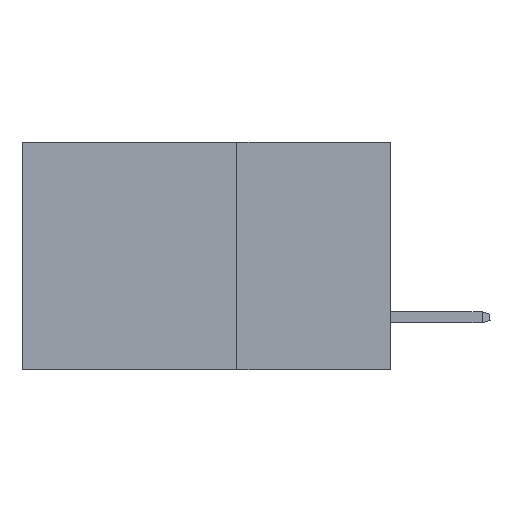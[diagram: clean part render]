
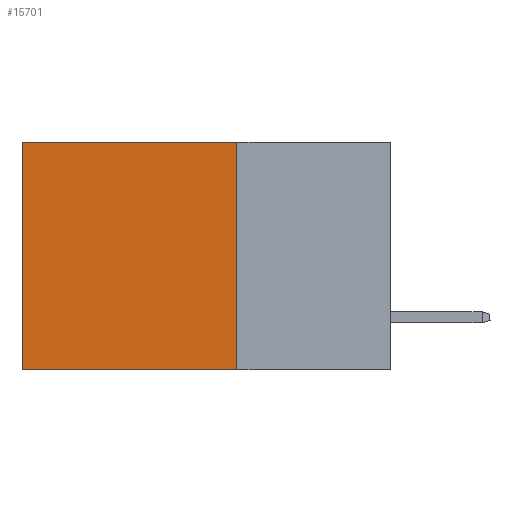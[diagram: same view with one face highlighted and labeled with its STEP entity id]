
A CAD part, left-side view. The second image highlights one B-rep face of the part: STEP entity #15701.
In plain terms, the highlighted planar face has unit normal (-1, 0, 0).
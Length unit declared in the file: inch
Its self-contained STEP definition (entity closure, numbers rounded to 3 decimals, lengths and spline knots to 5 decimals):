
#59 = VECTOR ( 'NONE', #1815, 39.37008 ) ;
#270 = AXIS2_PLACEMENT_3D ( 'NONE', #10555, #16344, #6540 ) ;
#330 = CARTESIAN_POINT ( 'NONE',  ( 0.2875, 0.25, -0.37 ) ) ;
#1815 = DIRECTION ( 'NONE',  ( 0., 1., 0. ) ) ;
#1960 = VERTEX_POINT ( 'NONE', #15500 ) ;
#2066 = CARTESIAN_POINT ( 'NONE',  ( 0.2875, 0.25, 0. ) ) ;
#3580 = LINE ( 'NONE', #330, #59 ) ;
#4908 = VECTOR ( 'NONE', #17448, 39.37008 ) ;
#5151 = ORIENTED_EDGE ( 'NONE', *, *, #7065, .T. ) ;
#5486 = CARTESIAN_POINT ( 'NONE',  ( 0.2875, 0.6, 0. ) ) ;
#5565 = CARTESIAN_POINT ( 'NONE',  ( 0.2875, 0.6, -0.37 ) ) ;
#6295 = FACE_OUTER_BOUND ( 'NONE', #10080, .T. ) ;
#6540 = DIRECTION ( 'NONE',  ( 0., 0., -1. ) ) ;
#6716 = EDGE_CURVE ( 'NONE', #1960, #15293, #3580, .T. ) ;
#7065 = EDGE_CURVE ( 'NONE', #16679, #17468, #14519, .T. ) ;
#7701 = VECTOR ( 'NONE', #9920, 39.37008 ) ;
#7902 = VECTOR ( 'NONE', #16749, 39.37008 ) ;
#9920 = DIRECTION ( 'NONE',  ( 0., 0., -1. ) ) ;
#10080 = EDGE_LOOP ( 'NONE', ( #16270, #11365, #14840, #5151 ) ) ;
#10555 = CARTESIAN_POINT ( 'NONE',  ( 0.2875, 0.25, 0. ) ) ;
#11270 = CARTESIAN_POINT ( 'NONE',  ( 0.2875, 0.25, 0. ) ) ;
#11365 = ORIENTED_EDGE ( 'NONE', *, *, #6716, .F. ) ;
#11450 = CARTESIAN_POINT ( 'NONE',  ( 0.2875, 0.25, 0. ) ) ;
#12000 = CARTESIAN_POINT ( 'NONE',  ( 0.2875, 0.6, 0. ) ) ;
#12044 = LINE ( 'NONE', #5486, #7902 ) ;
#12154 = PLANE ( 'NONE',  #270 ) ;
#12924 = LINE ( 'NONE', #11270, #7701 ) ;
#13561 = EDGE_CURVE ( 'NONE', #16679, #1960, #12924, .T. ) ;
#14013 = EDGE_CURVE ( 'NONE', #17468, #15293, #12044, .T. ) ;
#14519 = LINE ( 'NONE', #2066, #4908 ) ;
#14840 = ORIENTED_EDGE ( 'NONE', *, *, #13561, .F. ) ;
#15293 = VERTEX_POINT ( 'NONE', #5565 ) ;
#15500 = CARTESIAN_POINT ( 'NONE',  ( 0.2875, 0.25, -0.37 ) ) ;
#15701 = ADVANCED_FACE ( 'NONE', ( #6295 ), #12154, .F. ) ;
#16270 = ORIENTED_EDGE ( 'NONE', *, *, #14013, .T. ) ;
#16344 = DIRECTION ( 'NONE',  ( 1., 0., 0. ) ) ;
#16679 = VERTEX_POINT ( 'NONE', #11450 ) ;
#16749 = DIRECTION ( 'NONE',  ( 0., 0., -1. ) ) ;
#17448 = DIRECTION ( 'NONE',  ( 0., 1., 0. ) ) ;
#17468 = VERTEX_POINT ( 'NONE', #12000 ) ;

• Task to complete:
Reproduce each entry verbatim, excluding any embedded images.

• Answer for the task:
[diagram: clean part render]
[diagram: same view with one face highlighted and labeled with its STEP entity id]
A CAD part, left-side view. The second image highlights one B-rep face of the part: STEP entity #15701.
In plain terms, the highlighted planar face has unit normal (-1, 0, 0).
Length unit declared in the file: inch
Its self-contained STEP definition (entity closure, numbers rounded to 3 decimals, lengths and spline knots to 5 decimals):
#59 = VECTOR ( 'NONE', #1815, 39.37008 ) ;
#270 = AXIS2_PLACEMENT_3D ( 'NONE', #10555, #16344, #6540 ) ;
#330 = CARTESIAN_POINT ( 'NONE',  ( 0.2875, 0.25, -0.37 ) ) ;
#1815 = DIRECTION ( 'NONE',  ( 0., 1., 0. ) ) ;
#1960 = VERTEX_POINT ( 'NONE', #15500 ) ;
#2066 = CARTESIAN_POINT ( 'NONE',  ( 0.2875, 0.25, 0. ) ) ;
#3580 = LINE ( 'NONE', #330, #59 ) ;
#4908 = VECTOR ( 'NONE', #17448, 39.37008 ) ;
#5151 = ORIENTED_EDGE ( 'NONE', *, *, #7065, .T. ) ;
#5486 = CARTESIAN_POINT ( 'NONE',  ( 0.2875, 0.6, 0. ) ) ;
#5565 = CARTESIAN_POINT ( 'NONE',  ( 0.2875, 0.6, -0.37 ) ) ;
#6295 = FACE_OUTER_BOUND ( 'NONE', #10080, .T. ) ;
#6540 = DIRECTION ( 'NONE',  ( 0., 0., -1. ) ) ;
#6716 = EDGE_CURVE ( 'NONE', #1960, #15293, #3580, .T. ) ;
#7065 = EDGE_CURVE ( 'NONE', #16679, #17468, #14519, .T. ) ;
#7701 = VECTOR ( 'NONE', #9920, 39.37008 ) ;
#7902 = VECTOR ( 'NONE', #16749, 39.37008 ) ;
#9920 = DIRECTION ( 'NONE',  ( 0., 0., -1. ) ) ;
#10080 = EDGE_LOOP ( 'NONE', ( #16270, #11365, #14840, #5151 ) ) ;
#10555 = CARTESIAN_POINT ( 'NONE',  ( 0.2875, 0.25, 0. ) ) ;
#11270 = CARTESIAN_POINT ( 'NONE',  ( 0.2875, 0.25, 0. ) ) ;
#11365 = ORIENTED_EDGE ( 'NONE', *, *, #6716, .F. ) ;
#11450 = CARTESIAN_POINT ( 'NONE',  ( 0.2875, 0.25, 0. ) ) ;
#12000 = CARTESIAN_POINT ( 'NONE',  ( 0.2875, 0.6, 0. ) ) ;
#12044 = LINE ( 'NONE', #5486, #7902 ) ;
#12154 = PLANE ( 'NONE',  #270 ) ;
#12924 = LINE ( 'NONE', #11270, #7701 ) ;
#13561 = EDGE_CURVE ( 'NONE', #16679, #1960, #12924, .T. ) ;
#14013 = EDGE_CURVE ( 'NONE', #17468, #15293, #12044, .T. ) ;
#14519 = LINE ( 'NONE', #2066, #4908 ) ;
#14840 = ORIENTED_EDGE ( 'NONE', *, *, #13561, .F. ) ;
#15293 = VERTEX_POINT ( 'NONE', #5565 ) ;
#15500 = CARTESIAN_POINT ( 'NONE',  ( 0.2875, 0.25, -0.37 ) ) ;
#15701 = ADVANCED_FACE ( 'NONE', ( #6295 ), #12154, .F. ) ;
#16270 = ORIENTED_EDGE ( 'NONE', *, *, #14013, .T. ) ;
#16344 = DIRECTION ( 'NONE',  ( 1., 0., 0. ) ) ;
#16679 = VERTEX_POINT ( 'NONE', #11450 ) ;
#16749 = DIRECTION ( 'NONE',  ( 0., 0., -1. ) ) ;
#17448 = DIRECTION ( 'NONE',  ( 0., 1., 0. ) ) ;
#17468 = VERTEX_POINT ( 'NONE', #12000 ) ;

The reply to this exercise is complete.